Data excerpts
*** Begin section ***
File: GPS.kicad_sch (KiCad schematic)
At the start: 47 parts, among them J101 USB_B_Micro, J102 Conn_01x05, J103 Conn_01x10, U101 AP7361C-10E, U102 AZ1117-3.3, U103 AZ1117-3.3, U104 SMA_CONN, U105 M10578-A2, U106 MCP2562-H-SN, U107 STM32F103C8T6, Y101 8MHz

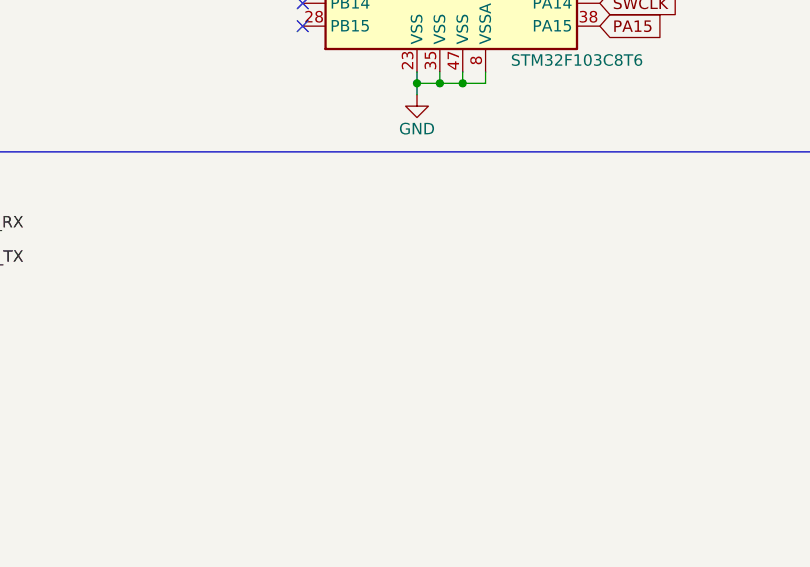
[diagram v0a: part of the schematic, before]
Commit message: Add files via upload
Updated PCB layout with proper RF traces and differential pairs. PCB dimensions are now 70 mm by 70 mm
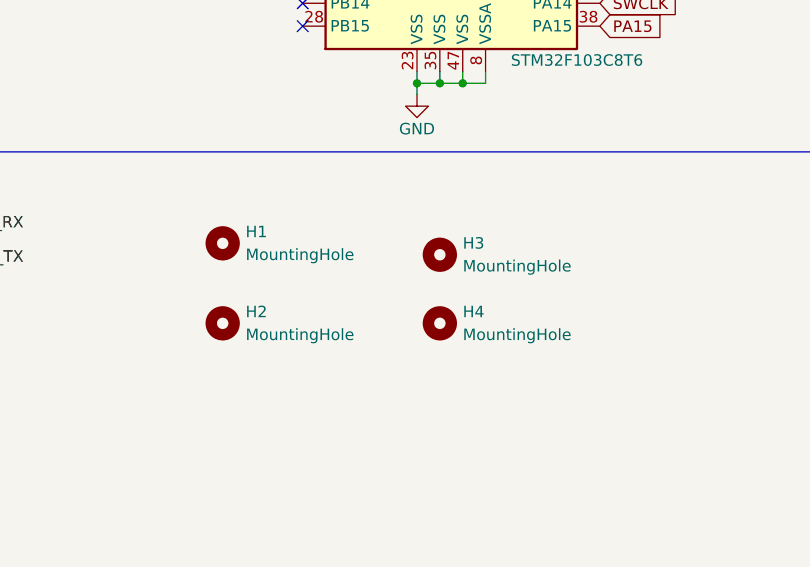
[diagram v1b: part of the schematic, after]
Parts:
- added H1, H2, H3, H4: MountingHole, MountingHole:MountingHole_3.2mm_M3, symbol Mechanical:MountingHole
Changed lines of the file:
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@@
     (pin "1")
+  )
+  (symbol (lib_id "Mechanical:MountingHole") (at 236.22 152.4 0) (unit 1)
+    (in_bom yes) (on_board yes) (fields_autoplaced)
+    (property "Reference" "H3" (id 0) (at 238.76 151.1299 0)
+      (effects (font (size 1.27 1.27)) (justify left))
+    )
+    (property "Value" "MountingHole" (id 1) (at 238.76 153.6699 0)
+      (effects (font (size 1.27 1.27)) (justify left))
+    )
+    (property "Footprint" "MountingHole:MountingHole_3.2mm_M3" (id 2) (at 236.22 152.4 0)
+      (effects (font (size 1.27 1.27)) hide)
+    )
+    (property "Datasheet" "~" (id 3) (at 236.22 152.4 0)
+      (effects (font (size 1.27 1.27)) hide)
+    )
   )
   (symbol (lib_id "Device:LED_Small") (at 86.36 161.29 180) (unit 1)
@@
     (pin "1")
     (pin "2")
+  )
+  (symbol (lib_id "Mechanical:MountingHole") (at 212.09 151.13 0) (unit 1)
+    (in_bom yes) (on_board yes) (fields_autoplaced)
+    (property "Reference" "H1" (id 0) (at 214.63 149.8599 0)
+      (effects (font (size 1.27 1.27)) (justify left))
+    )
+    (property "Value" "MountingHole" (id 1) (at 214.63 152.3999 0)
+      (effects (font (size 1.27 1.27)) (justify left))
+    )
+    (property "Footprint" "MountingHole:MountingHole_3.2mm_M3" (id 2) (at 212.09 151.13 0)
+      (effects (font (size 1.27 1.27)) hide)
+    )
+    (property "Datasheet" "~" (id 3) (at 212.09 151.13 0)
+      (effects (font (size 1.27 1.27)) hide)
+    )
   )
   (symbol (lib_id "Device:C_Small") (at 205.74 27.94 0) (unit 1)
@@
     (pin "1")
   )
+  (symbol (lib_id "Mechanical:MountingHole") (at 212.09 160.02 0) (unit 1)
+    (in_bom yes) (on_board yes) (fields_autoplaced)
+    (property "Reference" "H2" (id 0) (at 214.63 158.7499 0)
+      (effects (font (size 1.27 1.27)) (justify left))
+    )
+    (property "Value" "MountingHole" (id 1) (at 214.63 161.2899 0)
+      (effects (font (size 1.27 1.27)) (justify left))
+    )
+    (property "Footprint" "MountingHole:MountingHole_3.2mm_M3" (id 2) (at 212.09 160.02 0)
+      (effects (font (size 1.27 1.27)) hide)
+    )
+    (property "Datasheet" "~" (id 3) (at 212.09 160.02 0)
+      (effects (font (size 1.27 1.27)) hide)
+    )
+  )
   (symbol (lib_id "Device:C_Small") (at 89.662 135.382 0) (unit 1)
     (in_bom yes) (on_board yes)
@@
     (pin "1")
   )
+  (symbol (lib_id "Mechanical:MountingHole") (at 236.22 160.02 0) (unit 1)
+    (in_bom yes) (on_board yes) (fields_autoplaced)
+    (property "Reference" "H4" (id 0) (at 238.76 158.7499 0)
+      (effects (font (size 1.27 1.27)) (justify left))
+    )
+    (property "Value" "MountingHole" (id 1) (at 238.76 161.2899 0)
+      (effects (font (size 1.27 1.27)) (justify left))
+    )
+    (property "Footprint" "MountingHole:MountingHole_3.2mm_M3" (id 2) (at 236.22 160.02 0)
+      (effects (font (size 1.27 1.27)) hide)
+    )
+    (property "Datasheet" "~" (id 3) (at 236.22 160.02 0)
+      (effects (font (size 1.27 1.27)) hide)
+    )
+  )
   (symbol (lib_id "Device:C_Small") (at 162.814 159.258 0) (unit 1)
     (in_bom yes) (on_board yes)
@@
       (reference "D104") (unit 1) (value "BLUE") (footprint "LED_SMD:LED_0603_1608Metric")
     )
+    (path "/22637260-465e-4536-be27-64a16f9dfac6"
+      (reference "H1") (unit 1) (value "MountingHole") (footprint "MountingHole:MountingHole_3.2mm_M3")
+    )
+    (path "/cad0863a-182b-4740-b420-fb1b7bbe933b"
+      (reference "H2") (unit 1) (value "MountingHole") (footprint "MountingHole:MountingHole_3.2mm_M3")
+    )
+    (path "/18beeed9-acbf-444d-b864-ca8409e12e13"
+      (reference "H3") (unit 1) (value "MountingHole") (footprint "MountingHole:MountingHole_3.2mm_M3")
+    )
+    (path "/ea56028d-b46e-4c3b-9c87-1384286a2695"
+      (reference "H4") (unit 1) (value "MountingHole") (footprint "MountingHole:MountingHole_3.2mm_M3")
+    )
     (path "/ffe75c60-dd70-4e4a-9967-34b4966d7f4d"

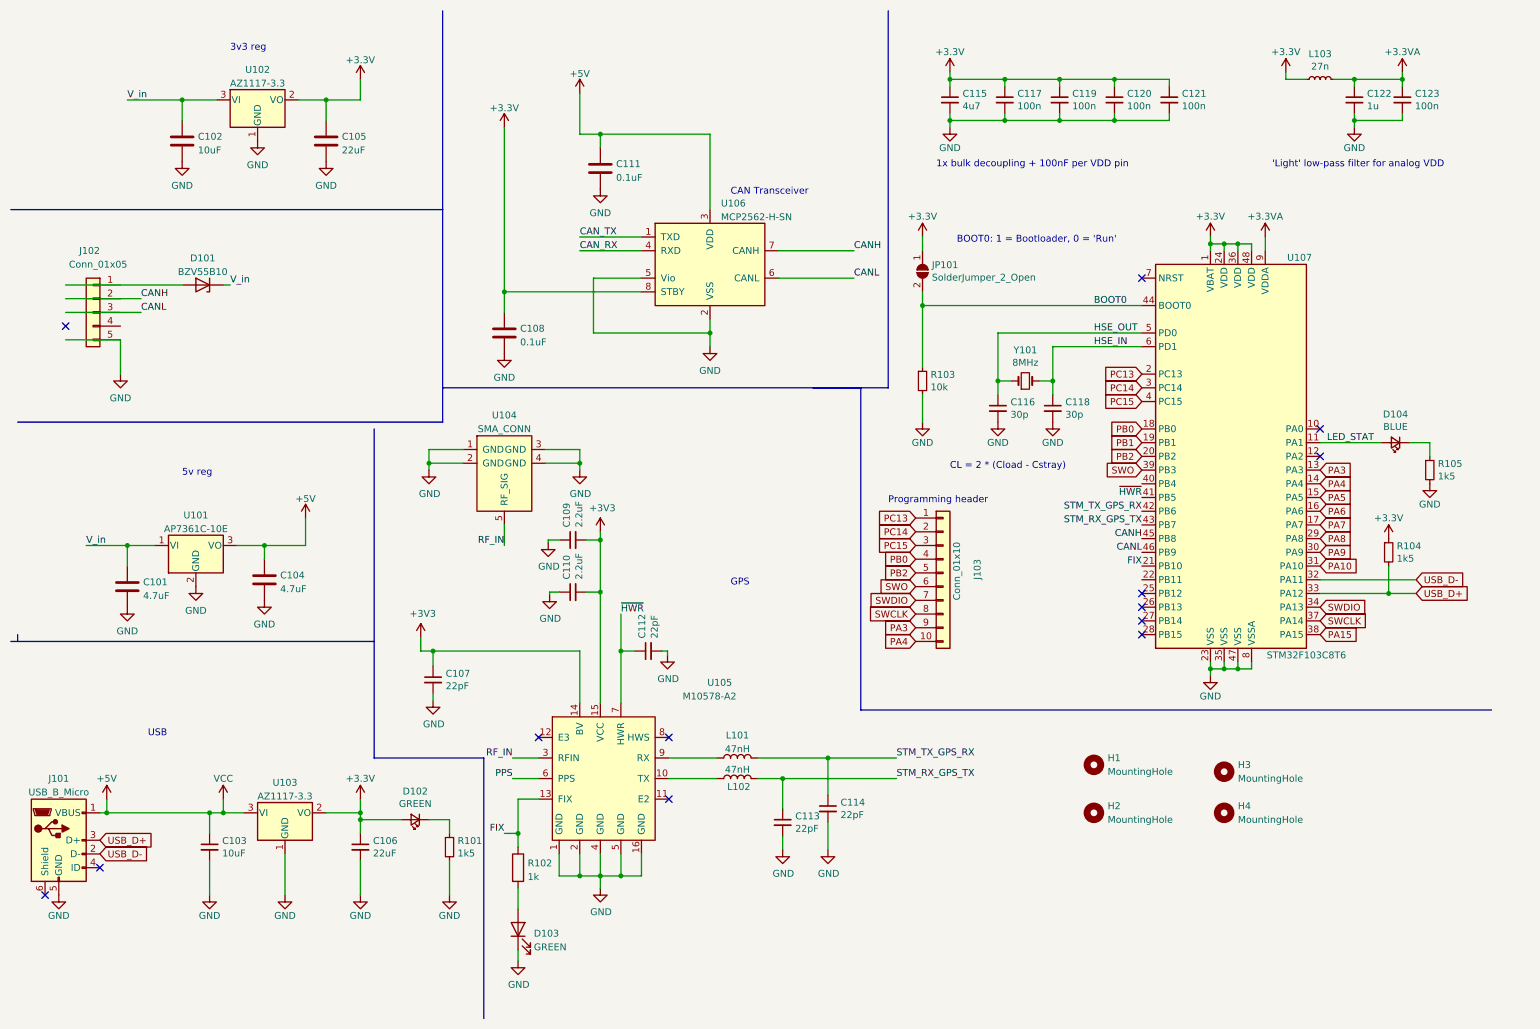
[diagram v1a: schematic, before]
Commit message: made changes for CANH/L and added STM programming header
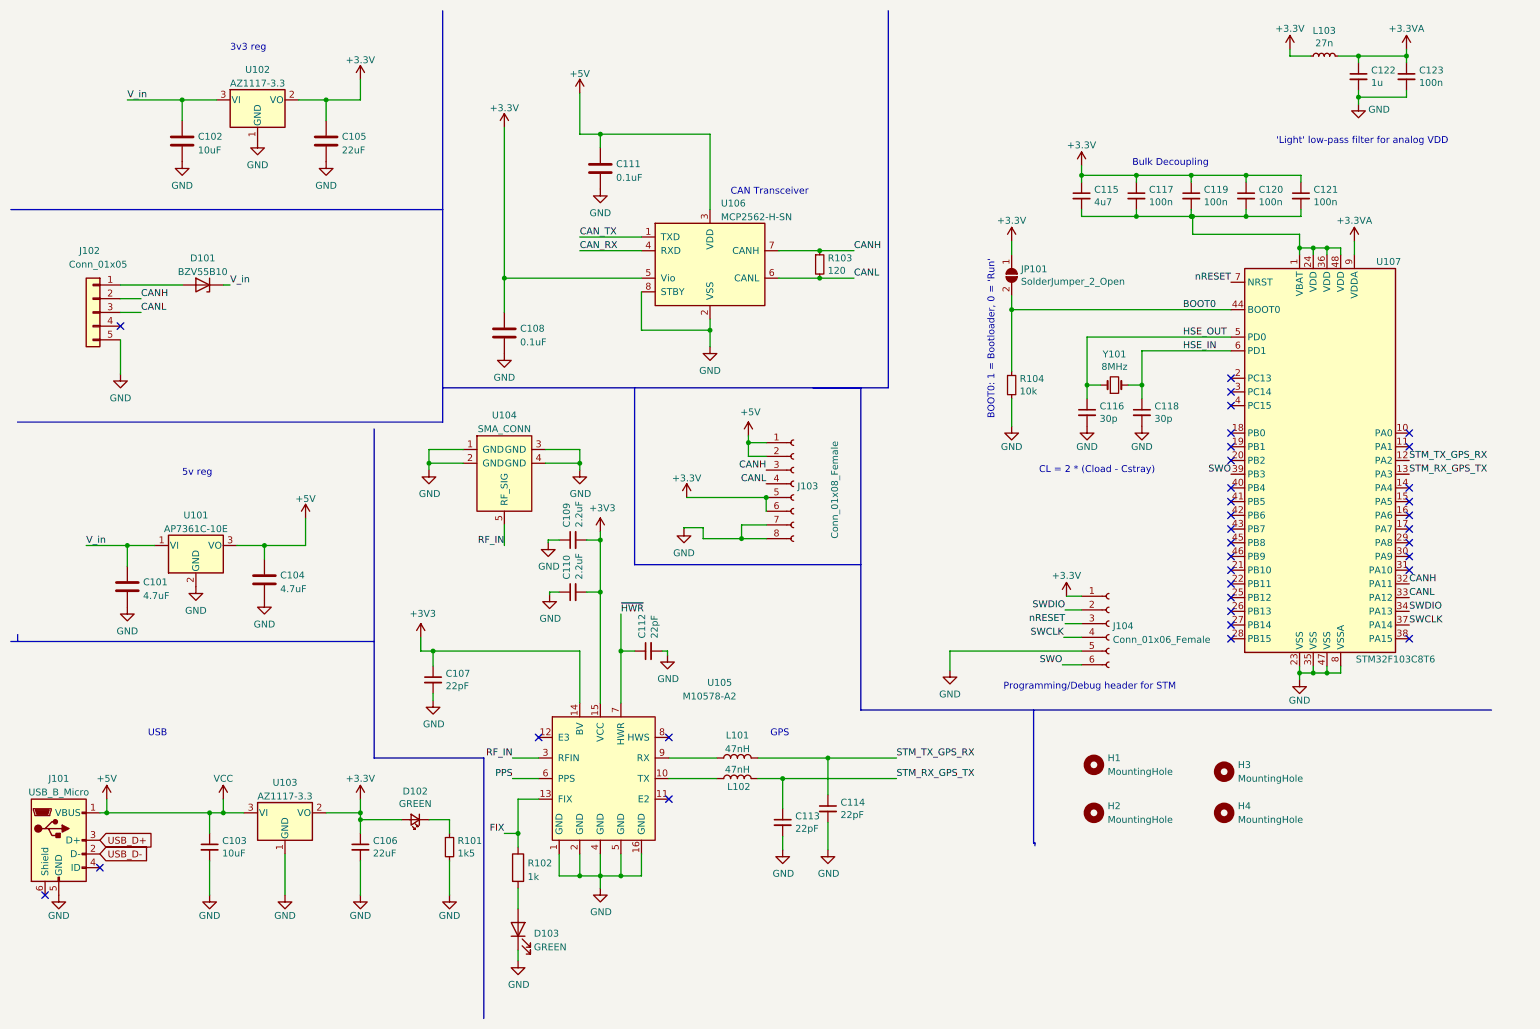
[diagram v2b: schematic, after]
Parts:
- removed D104: BLUE, LED_SMD:LED_0603_1608Metric, symbol Device:LED_Small
- removed J103: Conn_01x10, Connector_PinHeader_1.27mm:PinHeader_1x10_P1.27mm_Horizontal, symbol Connector_Generic:Conn_01x10
- removed R105: 1k5, Resistor_SMD:R_0805_2012Metric, symbol Device:R_Small
- added J103: Conn_01x08_Female, Connector_PinHeader_1.27mm:PinHeader_1x08_P1.27mm_Horizontal, symbol Connector:Conn_01x08_Female
- added J104: Conn_01x06_Female, Connector:Tag-Connect_TC2030-IDC-FP_2x03_P1.27mm_Vertical, symbol Connector:Conn_01x06_Female
- C115, C116, C117, C118, C119, C120, C121, C122, C123: footprint Capacitor_SMD:C_0805_2012Metric -> Capacitor_SMD:C_0805_2012Metric_Pad1.18x1.45mm_HandSolder
- R103: value 10k -> 120
- R104: value 1k5 -> 10k; footprint Resistor_SMD:R_0805_2012Metric -> Resistor_SMD:R_0805_2012Metric_Pad1.20x1.40mm_HandSolder; LCSC Part # C25867 -> C25744
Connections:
- net PA3 is gone; now on net STM_RX_GPS_TX: U107.13 (PA3)
- net +3.3V: now also U106.5 (Vio), J103.5 (Pin_5), J103.6 (Pin_6), J104.1 (Pin_1); no longer R104.1, U106.8 (STBY), U107.1 (VBAT), U107.24 (VDD), U107.36 (VDD), U107.48 (VDD)
- net +5V: now also J103.1 (Pin_1), J103.2 (Pin_2)
- net BOOT0: now also R104.1; no longer R103.1
- net CANH: now also J102.2 (Pin_2), R103.1, U107.32 (PA11), J103.3 (Pin_3); no longer U107.45 (PB8)
- net CANL: now also J102.3 (Pin_3), R103.2, U107.33 (PA12), J103.4 (Pin_4); no longer U107.46 (PB9)
- net FIX: no longer U107.21 (PB10)
- net GND: now also R104.2, U106.8 (STBY), J103.7 (Pin_7), J103.8 (Pin_8), J104.5 (Pin_5); no longer C115.2, C117.2, C119.2, C120.2, C121.2, R103.2, U106.5 (Vio)
- net STM_RX_GPS_TX: no longer U107.43 (PB7)
- net STM_TX_GPS_RX: now also U107.12 (PA2); no longer U107.42 (PB6)
- net SWCLK: now also J104.4 (Pin_4)
- net SWDIO: now also J104.2 (Pin_2)
- net SWO: now also J104.6 (Pin_6)
- net USB_D+: no longer R104.2, U107.33 (PA12)
- net USB_D-: no longer U107.32 (PA11)
- net ~{HWR}: no longer U107.41 (PB5)
- net at D101.2 (A): now also J102.1 (Pin_1)
- net nRESET: now reaches U107.7 (NRST)
- net nRESET: now also J104.3 (Pin_3)
- net LED_STAT: no longer names the net of U107.11 (PA1)
- net PA10: no longer names the net of U107.31 (PA10)
- net PA15: no longer names the net of U107.38 (PA15)
- net PA4: no longer names the net of U107.14 (PA4)
- net PA5: no longer names the net of U107.15 (PA5)
- net PA6: no longer names the net of U107.16 (PA6)
- net PA7: no longer names the net of U107.17 (PA7)
- net PA8: no longer names the net of U107.29 (PA8)
- net PA9: no longer names the net of U107.30 (PA9)
- net PB0: no longer names the net of U107.18 (PB0)
- net PB1: no longer names the net of U107.19 (PB1)
- net PB2: no longer names the net of U107.20 (PB2)
- net PC13: no longer names the net of U107.2 (PC13)
- net PC14: no longer names the net of U107.3 (PC14)
- net PC15: no longer names the net of U107.4 (PC15)
- new net: C115.2, C117.2, C119.2, C120.2, C121.2, U107.1 (VBAT), U107.24 (VDD), U107.36 (VDD), U107.48 (VDD)
- no-connect marks 13 -> 34
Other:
- note added: "Bulk Decoupling"
- note added: "Programming/Debug header for STM"
- note removed: "1x bulk decoupling + 100nF per VDD pin"
- note removed: "Programming header"
*** End section ***
ACTIVITY
If a line in the records above holds the string "VBAT", copy it.

SOLUTION TO THIS PROBLEM
- net +3.3V: now also U106.5 (Vio), J103.5 (Pin_5), J103.6 (Pin_6), J104.1 (Pin_1); no longer R104.1, U106.8 (STBY), U107.1 (VBAT), U107.24 (VDD), U107.36 (VDD), U107.48 (VDD)
- new net: C115.2, C117.2, C119.2, C120.2, C121.2, U107.1 (VBAT), U107.24 (VDD), U107.36 (VDD), U107.48 (VDD)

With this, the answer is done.